▶ _Instructions to follow_
Within the entries below, the lines from the one with "J8.6; also elsewhere on the board" through the one with "J6.7; also elsewhere on the board" are to be set down exactly, both ends kept.

▶ _Stored entries_
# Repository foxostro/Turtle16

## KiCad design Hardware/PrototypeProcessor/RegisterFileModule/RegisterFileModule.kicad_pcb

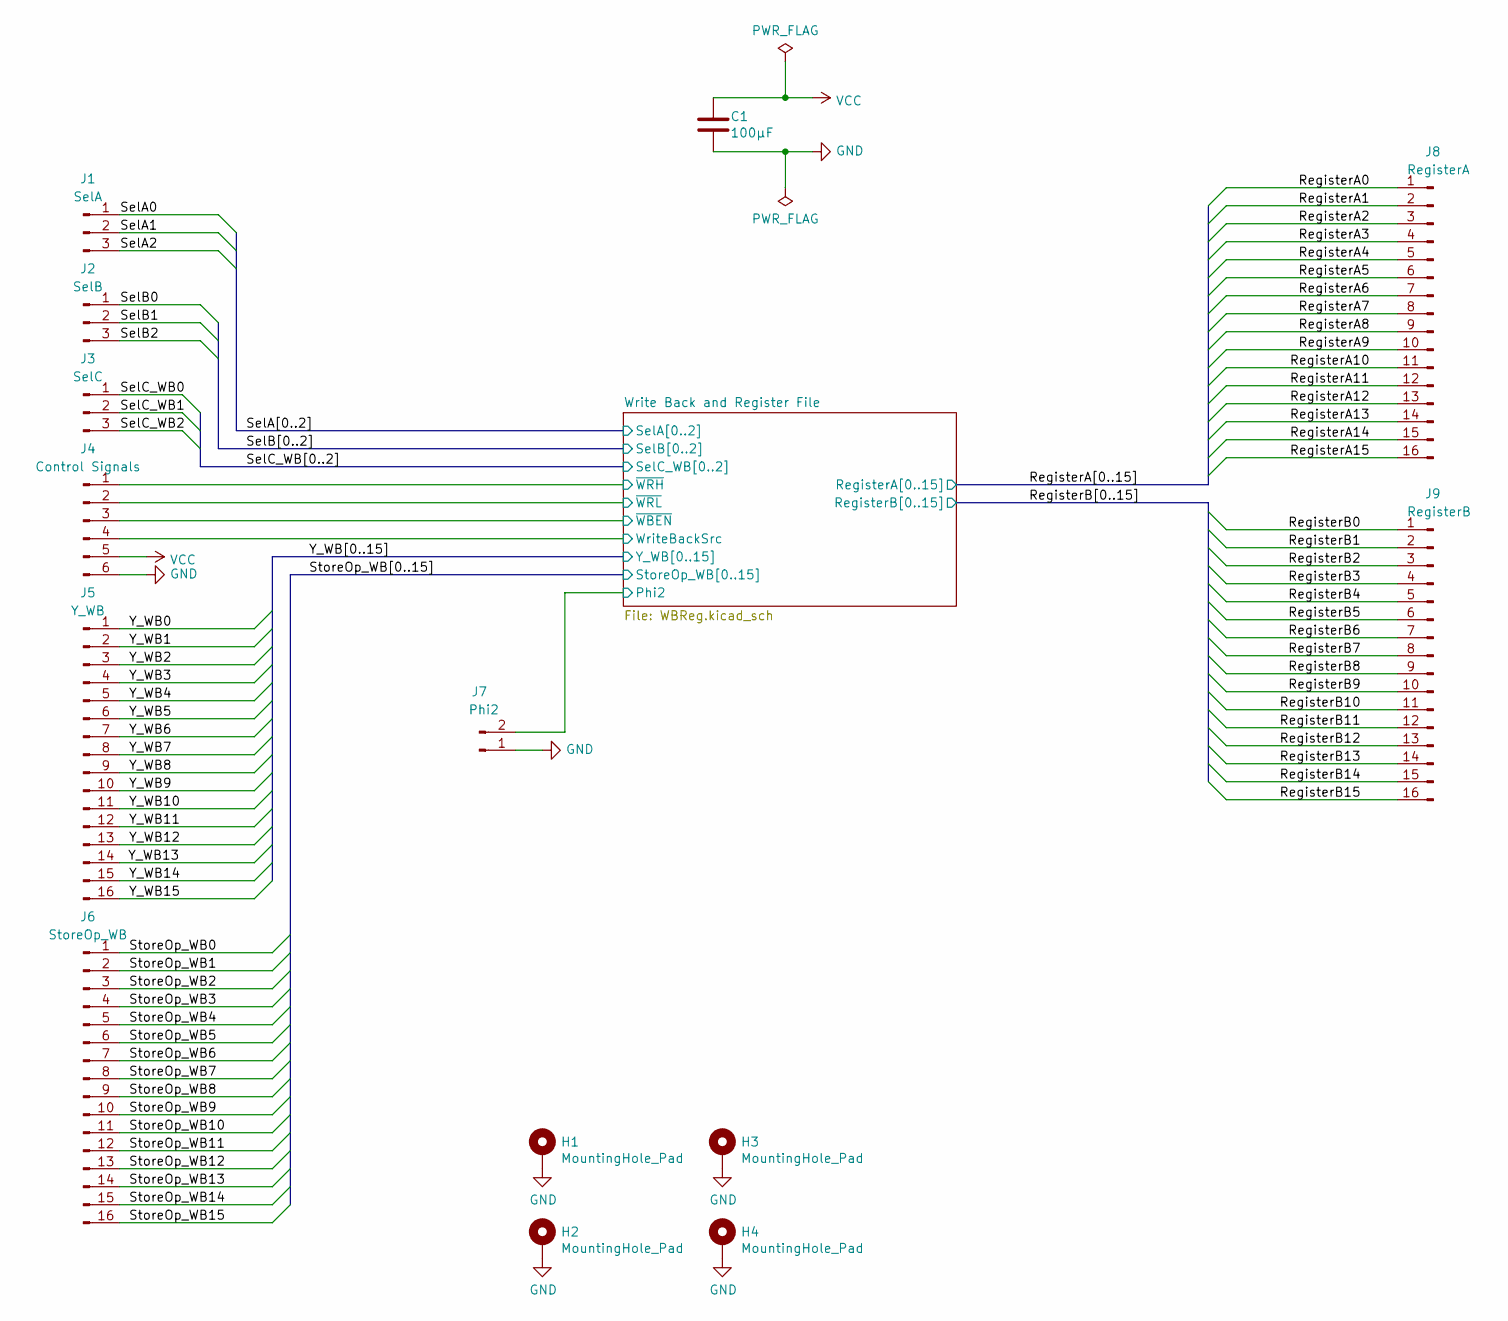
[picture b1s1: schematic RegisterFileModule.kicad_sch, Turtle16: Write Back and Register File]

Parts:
C1: 100µF; C_1206_3216Metric_Pad1.33x1.80mm_HandSolder
H1, H2, H3, H4: MountingHole_Pad; MountingHole_3.2mm_M3_Pad
J1: SelA; PinHeader_1x03_P2.54mm_Vertical
J2: SelB; PinHeader_1x03_P2.54mm_Vertical
J3: SelC; PinHeader_1x03_P2.54mm_Vertical
J4: Control Signals; PinHeader_1x06_P2.54mm_Vertical
J5: Y_WB; PinHeader_1x16_P2.54mm_Vertical
J6: StoreOp_WB; PinHeader_1x16_P2.54mm_Vertical
J7: Phi2; PinHeader_1x02_P2.54mm_Vertical
J8: RegisterA; PinHeader_1x16_P2.54mm_Vertical
J9: RegisterB; PinHeader_1x16_P2.54mm_Vertical

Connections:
/RegisterA0: J8.1; also elsewhere on the board
/RegisterA1: J8.2; also elsewhere on the board
/RegisterA2: J8.3; also elsewhere on the board
/RegisterA3: J8.4; also elsewhere on the board
/RegisterA4: J8.5; also elsewhere on the board
/RegisterA5: J8.6; also elsewhere on the board
/RegisterA6: J8.7; also elsewhere on the board
/RegisterA7: J8.8; also elsewhere on the board
/RegisterA8: J8.9; also elsewhere on the board
/RegisterA9: J8.10; also elsewhere on the board
/RegisterA10: J8.11; also elsewhere on the board
/RegisterA11: J8.12; also elsewhere on the board
/RegisterA12: J8.13; also elsewhere on the board
/RegisterA13: J8.14; also elsewhere on the board
/RegisterA14: J8.15; also elsewhere on the board
/RegisterA15: J8.16; also elsewhere on the board
/RegisterB0: J9.1; also elsewhere on the board
/RegisterB1: J9.2; also elsewhere on the board
/RegisterB2: J9.3; also elsewhere on the board
/RegisterB3: J9.4; also elsewhere on the board
/RegisterB4: J9.5; also elsewhere on the board
/RegisterB5: J9.6; also elsewhere on the board
/RegisterB6: J9.7; also elsewhere on the board
/RegisterB7: J9.8; also elsewhere on the board
/RegisterB8: J9.9; also elsewhere on the board
/RegisterB9: J9.10; also elsewhere on the board
/RegisterB10: J9.11; also elsewhere on the board
/RegisterB11: J9.12; also elsewhere on the board
/RegisterB12: J9.13; also elsewhere on the board
/RegisterB13: J9.14; also elsewhere on the board
/RegisterB14: J9.15; also elsewhere on the board
/RegisterB15: J9.16; also elsewhere on the board
/SelA0: J1.1; also elsewhere on the board
/SelA1: J1.2; also elsewhere on the board
/SelA2: J1.3; also elsewhere on the board
/SelB0: J2.1; also elsewhere on the board
/SelB1: J2.2; also elsewhere on the board
/SelB2: J2.3; also elsewhere on the board
/SelC_WB0: J3.1; also elsewhere on the board
/SelC_WB1: J3.2; also elsewhere on the board
/SelC_WB2: J3.3; also elsewhere on the board
/StoreOp_WB0: J6.1; also elsewhere on the board
/StoreOp_WB1: J6.2; also elsewhere on the board
/StoreOp_WB2: J6.3; also elsewhere on the board
/StoreOp_WB3: J6.4; also elsewhere on the board
/StoreOp_WB4: J6.5; also elsewhere on the board
/StoreOp_WB5: J6.6; also elsewhere on the board
/StoreOp_WB6: J6.7; also elsewhere on the board
/StoreOp_WB7: J6.8; also elsewhere on the board
/StoreOp_WB8: J6.9; also elsewhere on the board
/StoreOp_WB9: J6.10; also elsewhere on the board
/StoreOp_WB10: J6.11; also elsewhere on the board
/StoreOp_WB11: J6.12; also elsewhere on the board
/StoreOp_WB12: J6.13; also elsewhere on the board
/StoreOp_WB13: J6.14; also elsewhere on the board
/StoreOp_WB14: J6.15; also elsewhere on the board
/StoreOp_WB15: J6.16; also elsewhere on the board
/Write Back and Register File/Phi2: J7.2; also elsewhere on the board
/Write Back and Register File/WriteBackSrc: J4.4; also elsewhere on the board
/Write Back and Register File/~WBEN: J4.3; also elsewhere on the board
/Write Back and Register File/~WRH: J4.1; also elsewhere on the board
/Write Back and Register File/~WRL: J4.2; also elsewhere on the board
/Y_WB0: J5.1; also elsewhere on the board
/Y_WB1: J5.2; also elsewhere on the board
/Y_WB2: J5.3; also elsewhere on the board
/Y_WB3: J5.4; also elsewhere on the board
/Y_WB4: J5.5; also elsewhere on the board
/Y_WB5: J5.6; also elsewhere on the board
/Y_WB6: J5.7; also elsewhere on the board
/Y_WB7: J5.8; also elsewhere on the board
/Y_WB8: J5.9; also elsewhere on the board
/Y_WB9: J5.10; also elsewhere on the board
/Y_WB10: J5.11; also elsewhere on the board
/Y_WB11: J5.12; also elsewhere on the board
/Y_WB12: J5.13; also elsewhere on the board
/Y_WB13: J5.14; also elsewhere on the board
/Y_WB14: J5.15; also elsewhere on the board
/Y_WB15: J5.16; also elsewhere on the board
GND: C1.2, H1.1, H2.1, H3.1, H4.1, J4.6, J7.1; also elsewhere on the board
VCC: C1.1, J4.5; also elsewhere on the board

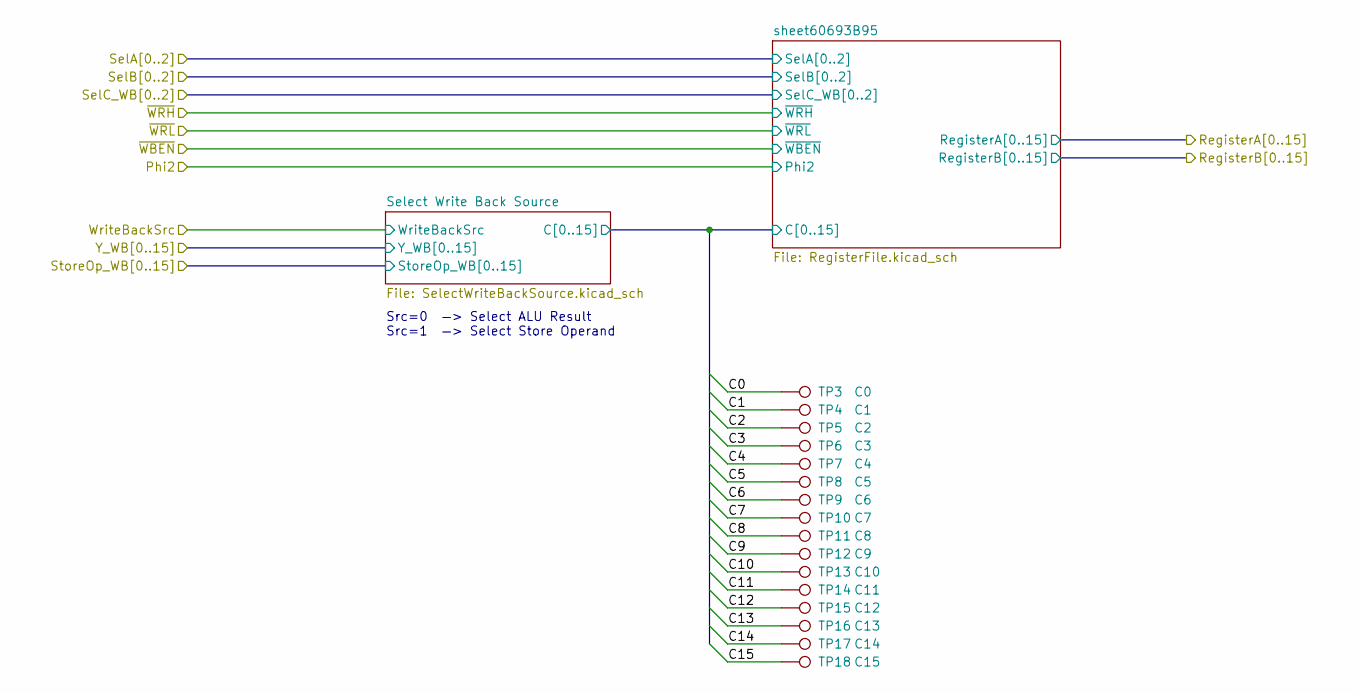
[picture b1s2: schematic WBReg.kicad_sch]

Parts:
TP3: C0; TestPoint_Pad_D1.0mm
TP4: C1; TestPoint_Pad_D1.0mm
TP5: C2; TestPoint_Pad_D1.0mm
TP6: C3; TestPoint_Pad_D1.0mm
TP7: C4; TestPoint_Pad_D1.0mm
TP8: C5; TestPoint_Pad_D1.0mm
TP9: C6; TestPoint_Pad_D1.0mm
TP10: C7; TestPoint_Pad_D1.0mm
TP11: C8; TestPoint_Pad_D1.0mm
TP12: C9; TestPoint_Pad_D1.0mm
TP13: C10; TestPoint_Pad_D1.0mm
TP14: C11; TestPoint_Pad_D1.0mm
TP15: C12; TestPoint_Pad_D1.0mm
TP16: C13; TestPoint_Pad_D1.0mm
TP17: C14; TestPoint_Pad_D1.0mm
TP18: C15; TestPoint_Pad_D1.0mm

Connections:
/Write Back and Register File/Select Write Back Source/C0: TP3.1; also elsewhere on the board
/Write Back and Register File/Select Write Back Source/C1: TP4.1; also elsewhere on the board
/Write Back and Register File/Select Write Back Source/C2: TP5.1; also elsewhere on the board
/Write Back and Register File/Select Write Back Source/C3: TP6.1; also elsewhere on the board
/Write Back and Register File/Select Write Back Source/C4: TP7.1; also elsewhere on the board
/Write Back and Register File/Select Write Back Source/C5: TP8.1; also elsewhere on the board
/Write Back and Register File/Select Write Back Source/C6: TP9.1; also elsewhere on the board
/Write Back and Register File/Select Write Back Source/C7: TP10.1; also elsewhere on the board
/Write Back and Register File/Select Write Back Source/C8: TP11.1; also elsewhere on the board
/Write Back and Register File/Select Write Back Source/C9: TP12.1; also elsewhere on the board
/Write Back and Register File/Select Write Back Source/C10: TP13.1; also elsewhere on the board
/Write Back and Register File/Select Write Back Source/C11: TP14.1; also elsewhere on the board
/Write Back and Register File/Select Write Back Source/C12: TP15.1; also elsewhere on the board
/Write Back and Register File/Select Write Back Source/C13: TP16.1; also elsewhere on the board
/Write Back and Register File/Select Write Back Source/C14: TP17.1; also elsewhere on the board
/Write Back and Register File/Select Write Back Source/C15: TP18.1; also elsewhere on the board

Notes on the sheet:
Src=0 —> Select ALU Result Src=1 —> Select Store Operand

▶ _Response to the task_
/RegisterA5: J8.6; also elsewhere on the board
/RegisterA6: J8.7; also elsewhere on the board
/RegisterA7: J8.8; also elsewhere on the board
/RegisterA8: J8.9; also elsewhere on the board
/RegisterA9: J8.10; also elsewhere on the board
/RegisterA10: J8.11; also elsewhere on the board
/RegisterA11: J8.12; also elsewhere on the board
/RegisterA12: J8.13; also elsewhere on the board
/RegisterA13: J8.14; also elsewhere on the board
/RegisterA14: J8.15; also elsewhere on the board
/RegisterA15: J8.16; also elsewhere on the board
/RegisterB0: J9.1; also elsewhere on the board
/RegisterB1: J9.2; also elsewhere on the board
/RegisterB2: J9.3; also elsewhere on the board
/RegisterB3: J9.4; also elsewhere on the board
/RegisterB4: J9.5; also elsewhere on the board
/RegisterB5: J9.6; also elsewhere on the board
/RegisterB6: J9.7; also elsewhere on the board
/RegisterB7: J9.8; also elsewhere on the board
/RegisterB8: J9.9; also elsewhere on the board
/RegisterB9: J9.10; also elsewhere on the board
/RegisterB10: J9.11; also elsewhere on the board
/RegisterB11: J9.12; also elsewhere on the board
/RegisterB12: J9.13; also elsewhere on the board
/RegisterB13: J9.14; also elsewhere on the board
/RegisterB14: J9.15; also elsewhere on the board
/RegisterB15: J9.16; also elsewhere on the board
/SelA0: J1.1; also elsewhere on the board
/SelA1: J1.2; also elsewhere on the board
/SelA2: J1.3; also elsewhere on the board
/SelB0: J2.1; also elsewhere on the board
/SelB1: J2.2; also elsewhere on the board
/SelB2: J2.3; also elsewhere on the board
/SelC_WB0: J3.1; also elsewhere on the board
/SelC_WB1: J3.2; also elsewhere on the board
/SelC_WB2: J3.3; also elsewhere on the board
/StoreOp_WB0: J6.1; also elsewhere on the board
/StoreOp_WB1: J6.2; also elsewhere on the board
/StoreOp_WB2: J6.3; also elsewhere on the board
/StoreOp_WB3: J6.4; also elsewhere on the board
/StoreOp_WB4: J6.5; also elsewhere on the board
/StoreOp_WB5: J6.6; also elsewhere on the board
/StoreOp_WB6: J6.7; also elsewhere on the board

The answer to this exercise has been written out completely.